• _Problem to solve_: The lines to reproduce from the material below are those from the one containing "Line((-22, -12.5), (-25, -12.5))" through the one containing "Line((39.5, 12.5), (42.5, 12.5))", both included; write them out exactly and add nothing.
--------------------
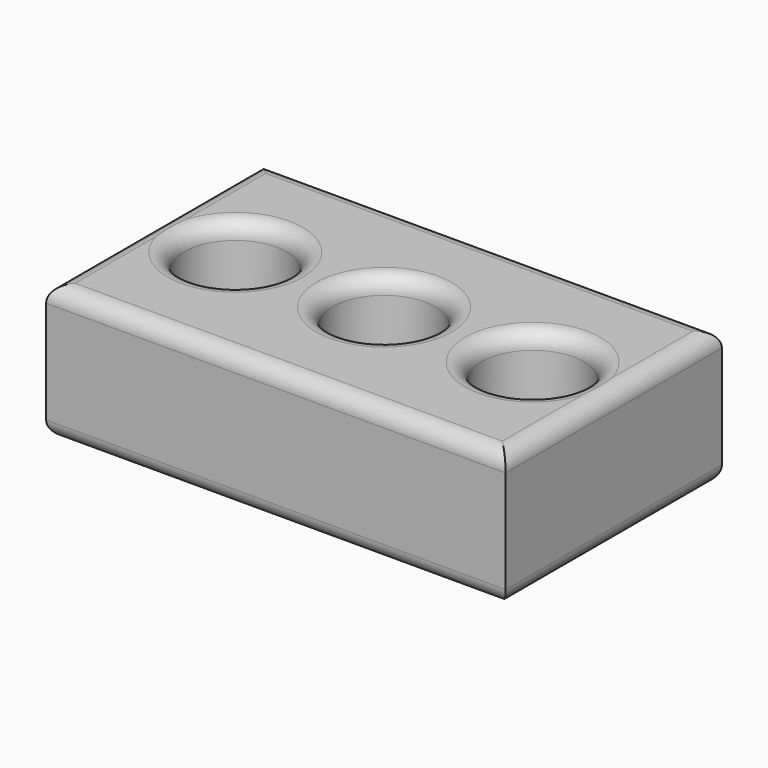
from build123d import *

# Parameters (mm, degrees)
F0_W        = 85
F0_H        = 50
F0_R        = 9.4896573641
F1_DEPTH    = 12.5
F2_T1_DEPTH = 100
F2_T3_DEPTH = 65


# Not quite as in the source:
# - a fillet or chamfer that OpenCascade refuses, or shapes differently, is made with other operations: its cross-section is extruded or revolved along the edge and cut away or added


with BuildPart() as f1:
    # F0 (on Top) → F1 (new body, symmetric)
    with BuildSketch(Plane.XY):
        Rectangle(F0_W, F0_H)
        with Locations((-27.5, 0)):
            Circle(F0_R, mode=Mode.SUBTRACT)
        Circle(F0_R, mode=Mode.SUBTRACT)
        with Locations((27.5, 0)):
            Circle(F0_R, mode=Mode.SUBTRACT)
    extrude(amount=F1_DEPTH, both=True)

    # F2: fillet of radius 3 on 14 edges, made by hand

    # F2_s2 → F2_t1 (cut)
    with BuildSketch(Plane.YZ.offset(-50)):
        with BuildLine():
            ThreePointArc((25, -9.5), (24.1213203436, -11.6213203436), (22, -12.5))
            Line((22, -12.5), (25, -12.5))
            Line((25, -12.5), (25, -9.5))
        make_face()
        with BuildLine():
            ThreePointArc((-25, -9.5), (-24.1213203436, -11.6213203436), (-22, -12.5))
            Line((-22, -12.5), (-25, -12.5))
            Line((-25, -12.5), (-25, -9.5))
        make_face()
        with BuildLine():
            ThreePointArc((25, 9.5), (24.1213203436, 11.6213203436), (22, 12.5))
            Line((22, 12.5), (25, 12.5))
            Line((25, 12.5), (25, 9.5))
        make_face()
        with BuildLine():
            ThreePointArc((-25, 9.5), (-24.1213203436, 11.6213203436), (-22, 12.5))
            Line((-22, 12.5), (-25, 12.5))
            Line((-25, 12.5), (-25, 9.5))
        make_face()
    extrude(amount=F2_T1_DEPTH, mode=Mode.SUBTRACT)

    # F2_s4 → F2_t3 (cut)
    with BuildSketch(Plane.XZ.offset(-32.5)):
        with BuildLine():
            ThreePointArc((-42.5, -9.5), (-41.6213203436, -11.6213203436), (-39.5, -12.5))
            Line((-39.5, -12.5), (-42.5, -12.5))
            Line((-42.5, -12.5), (-42.5, -9.5))
        make_face()
        with BuildLine():
            ThreePointArc((42.5, -9.5), (41.6213203436, -11.6213203436), (39.5, -12.5))
            Line((39.5, -12.5), (42.5, -12.5))
            Line((42.5, -12.5), (42.5, -9.5))
        make_face()
        with BuildLine():
            ThreePointArc((-39.5, 12.5), (-41.6213203436, 11.6213203436), (-42.5, 9.5))
            Line((-42.5, 9.5), (-42.5, 12.5))
            Line((-42.5, 12.5), (-39.5, 12.5))
        make_face()
        with BuildLine():
            ThreePointArc((42.5, 9.5), (41.6213203436, 11.6213203436), (39.5, 12.5))
            Line((39.5, 12.5), (42.5, 12.5))
            Line((42.5, 12.5), (42.5, 9.5))
        make_face()
    extrude(amount=F2_T3_DEPTH, mode=Mode.SUBTRACT)

    # F2_s5 → F2_t6 (revolve, cut)
    with BuildSketch(Plane.XZ):
        with BuildLine():
            ThreePointArc((36.9896573641, -9.5), (37.8683370205, -11.6213203436), (39.9896573641, -12.5))
            Line((39.9896573641, -12.5), (36.9896573641, -12.5))
            Line((36.9896573641, -12.5), (36.9896573641, -9.5))
        make_face()
    revolve(axis=Axis((27.5, 0, -12.5), (0, 0, 1)), mode=Mode.SUBTRACT)

    # F2_s7 → F2_t8 (revolve, cut)
    with BuildSketch(Plane.XZ):
        with BuildLine():
            ThreePointArc((9.4896573641, -9.5), (10.3683370205, -11.6213203436), (12.4896573641, -12.5))
            Line((12.4896573641, -12.5), (9.4896573641, -12.5))
            Line((9.4896573641, -12.5), (9.4896573641, -9.5))
        make_face()
    revolve(axis=Axis((0, 0, -12.5), (0, 0, 1)), mode=Mode.SUBTRACT)

    # F2_s9 → F2_t10 (revolve, cut)
    with BuildSketch(Plane.XZ):
        with BuildLine():
            ThreePointArc((-18.0103426359, -9.5), (-17.1316629795, -11.6213203436), (-15.0103426359, -12.5))
            Line((-15.0103426359, -12.5), (-18.0103426359, -12.5))
            Line((-18.0103426359, -12.5), (-18.0103426359, -9.5))
        make_face()
    revolve(axis=Axis((-27.5, 0, -12.5), (0, 0, 1)), mode=Mode.SUBTRACT)

    # F2_s11 → F2_t12 (revolve, cut)
    with BuildSketch(Plane.XZ):
        with BuildLine():
            ThreePointArc((39.9896573641, 12.5), (37.8683370205, 11.6213203436), (36.9896573641, 9.5))
            Line((36.9896573641, 9.5), (36.9896573641, 12.5))
            Line((36.9896573641, 12.5), (39.9896573641, 12.5))
        make_face()
    revolve(axis=Axis((27.5, 0, 12.5), (0, 0, 1)), mode=Mode.SUBTRACT)

    # F2_s13 → F2_t14 (revolve, cut)
    with BuildSketch(Plane.XZ):
        with BuildLine():
            ThreePointArc((12.4896573641, 12.5), (10.3683370205, 11.6213203436), (9.4896573641, 9.5))
            Line((9.4896573641, 9.5), (9.4896573641, 12.5))
            Line((9.4896573641, 12.5), (12.4896573641, 12.5))
        make_face()
    revolve(axis=Axis((0, 0, 12.5), (0, 0, 1)), mode=Mode.SUBTRACT)

    # F2_s15 → F2_t16 (revolve, cut)
    with BuildSketch(Plane.XZ):
        with BuildLine():
            ThreePointArc((-15.0103426359, 12.5), (-17.1316629795, 11.6213203436), (-18.0103426359, 9.5))
            Line((-18.0103426359, 9.5), (-18.0103426359, 12.5))
            Line((-18.0103426359, 12.5), (-15.0103426359, 12.5))
        make_face()
    revolve(axis=Axis((-27.5, 0, 12.5), (0, 0, 1)), mode=Mode.SUBTRACT)


solid = f1.part
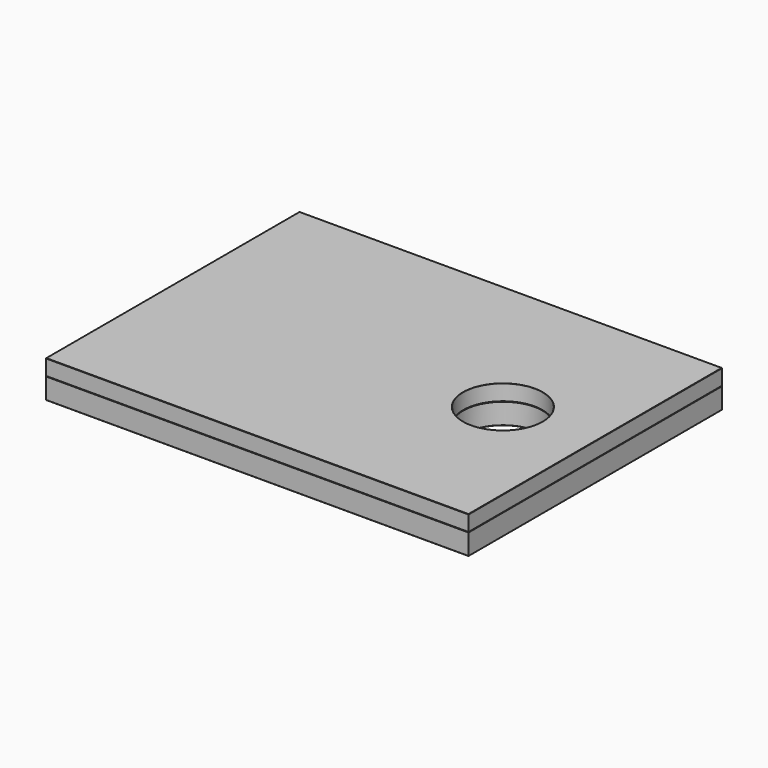
from build123d import *

# Parameters (mm, degrees)
F0_R      = 75
F1_DEPTH  = 40
F3_W      = 800
F3_H      = 600
F3_W_2    = 720
F3_H_2    = 520
F3_R      = 75
F4_DEPTH  = 30
F5_SIZE   = 0.5
F6_D      = 10
F6_DEPTH  = 20
F6_TIP    = 3.0043030951
F7_SIZE   = 0.5
F7_2_SIZE = 0.5


# Not quite as in the source:
# - a feature names something its author has since deleted; it is built from what else it names


with BuildPart() as f1:
    # F0 (on Top) → F1 (new body)
    with BuildSketch(Plane.XY):
        with BuildLine():
            Line((330, 75), (350, 75))
            Line((350, 75), (350, 300))
            Line((350, 300), (-450, 300))
            Line((-450, 300), (-450, 75))
            Line((-450, 75), (-430, 75))
            ThreePointArc((-430, 75), (-422.9289321881, 72.0710678119), (-420, 65))
            Line((-420, 65), (-420, 0))
            Line((-420, 0), (-420, -65))
            ThreePointArc((-420, -65), (-422.9289321881, -72.0710678119), (-430, -75))
            Line((-430, -75), (-450, -75))
            Line((-450, -75), (-450, -300))
            Line((-450, -300), (350, -300))
            Line((350, -300), (350, -75))
            Line((350, -75), (330, -75))
            ThreePointArc((330, -75), (322.9289321881, -72.0710678119), (320, -65))
            Line((320, -65), (320, 65))
            ThreePointArc((320, 65), (322.9289321881, 72.0710678119), (330, 75))
        make_face()
        with Locations((175, 0)):
            Circle(F0_R, mode=Mode.SUBTRACT)
        with BuildLine():
            Line((350, -75), (350, 75))
            Line((350, 75), (330, 75))
            ThreePointArc((330, 75), (322.9289321881, 72.0710678119), (320, 65))
            Line((320, 65), (320, -65))
            ThreePointArc((320, -65), (322.9289321881, -72.0710678119), (330, -75))
            Line((330, -75), (350, -75))
        make_face()
        with BuildLine():
            Line((-450, 0), (-450, -75))
            Line((-450, -75), (-430, -75))
            ThreePointArc((-430, -75), (-422.9289321881, -72.0710678119), (-420, -65))
            Line((-420, -65), (-420, 0))
            Line((-420, 0), (-450, 0))
        make_face()
        with BuildLine():
            Line((-430, 75), (-450, 75))
            Line((-450, 75), (-450, 0))
            Line((-450, 0), (-420, 0))
            Line((-420, 0), (-420, 65))
            ThreePointArc((-420, 65), (-422.9289321881, 72.0710678119), (-430, 75))
        make_face()
    extrude(amount=F1_DEPTH)

    # F7
    f7_edges = [f1.edges().sort_by_distance(p)[0] for p in [
        (-50, -300, 40),
        (350, 0, 40),
        (-50, 300, 40),
        (-450, 0, 40),
        (100, 0, 40),
        (-450, -300, 20),
        (350, -300, 20),
        (-50, -300, 0),
        (350, 300, 20),
        (-450, 300, 20),
        (-50, 300, 0),
        (350, 0, 0),
        (-450, 0, 0),
        (100, 0, 0),
    ]]
    chamfer(f7_edges, length=F7_SIZE)


with BuildPart() as f4:
    # F3 (on face) → F4 (new body)
    with BuildSketch(Plane.XY.offset(40)):
        with Locations((-50, 0)):
            Rectangle(F3_W, F3_H)
        with Locations((-50, 0)):
            Rectangle(F3_W_2, F3_H_2, mode=Mode.SUBTRACT)
        with Locations((-50, 0)):
            Rectangle(F3_W_2, F3_H_2)
        with Locations((175, 0)):
            Circle(F3_R, mode=Mode.SUBTRACT)
    extrude(amount=F4_DEPTH)

    # F5
    f5_edges = [f4.edges().sort_by_distance(p)[0] for p in [
        (-50, 300, 70),
        (-450, 0, 70),
        (-50, -300, 70),
        (350, 0, 70),
        (100, 0, 70),
        (-50, 300, 40),
        (-450, 0, 40),
        (-50, -300, 40),
        (350, 0, 40),
        (100, 0, 40),
        (350, 300, 55),
        (-450, 300, 55),
        (-450, -300, 55),
        (350, -300, 55),
    ]]
    chamfer(f5_edges, length=F5_SIZE)

    # F6
    with Locations(Plane(origin=(0, 0, 40), x_dir=(1, 0, 0), z_dir=(0, 0, -1))):
        with Locations((-410, -260), (310, -260), (310, 260), (-410, 260)):
            Hole(F6_D / 2, depth=F6_DEPTH)
            with Locations((0, 0, -(F6_DEPTH + F6_TIP / 2))):  # 118° drill point
                Cone(0, F6_D / 2, F6_TIP, mode=Mode.SUBTRACT)

    # F7#2
    f7_2_edges = [f4.edges().sort_by_distance(p)[0] for p in [
        (100, 0, 69.5),
    ]]
    chamfer(f7_2_edges, length=F7_2_SIZE)


solid = Compound([f1.part, f4.part])
--------------------
• _Completed exercise_:
            Line((-22, -12.5), (-25, -12.5))
            Line((-25, -12.5), (-25, -9.5))
        make_face()
        with BuildLine():
            ThreePointArc((25, 9.5), (24.1213203436, 11.6213203436), (22, 12.5))
            Line((22, 12.5), (25, 12.5))
            Line((25, 12.5), (25, 9.5))
        make_face()
        with BuildLine():
            ThreePointArc((-25, 9.5), (-24.1213203436, 11.6213203436), (-22, 12.5))
            Line((-22, 12.5), (-25, 12.5))
            Line((-25, 12.5), (-25, 9.5))
        make_face()
    extrude(amount=F2_T1_DEPTH, mode=Mode.SUBTRACT)

    # F2_s4 → F2_t3 (cut)
    with BuildSketch(Plane.XZ.offset(-32.5)):
        with BuildLine():
            ThreePointArc((-42.5, -9.5), (-41.6213203436, -11.6213203436), (-39.5, -12.5))
            Line((-39.5, -12.5), (-42.5, -12.5))
            Line((-42.5, -12.5), (-42.5, -9.5))
        make_face()
        with BuildLine():
            ThreePointArc((42.5, -9.5), (41.6213203436, -11.6213203436), (39.5, -12.5))
            Line((39.5, -12.5), (42.5, -12.5))
            Line((42.5, -12.5), (42.5, -9.5))
        make_face()
        with BuildLine():
            ThreePointArc((-39.5, 12.5), (-41.6213203436, 11.6213203436), (-42.5, 9.5))
            Line((-42.5, 9.5), (-42.5, 12.5))
            Line((-42.5, 12.5), (-39.5, 12.5))
        make_face()
        with BuildLine():
            ThreePointArc((42.5, 9.5), (41.6213203436, 11.6213203436), (39.5, 12.5))
            Line((39.5, 12.5), (42.5, 12.5))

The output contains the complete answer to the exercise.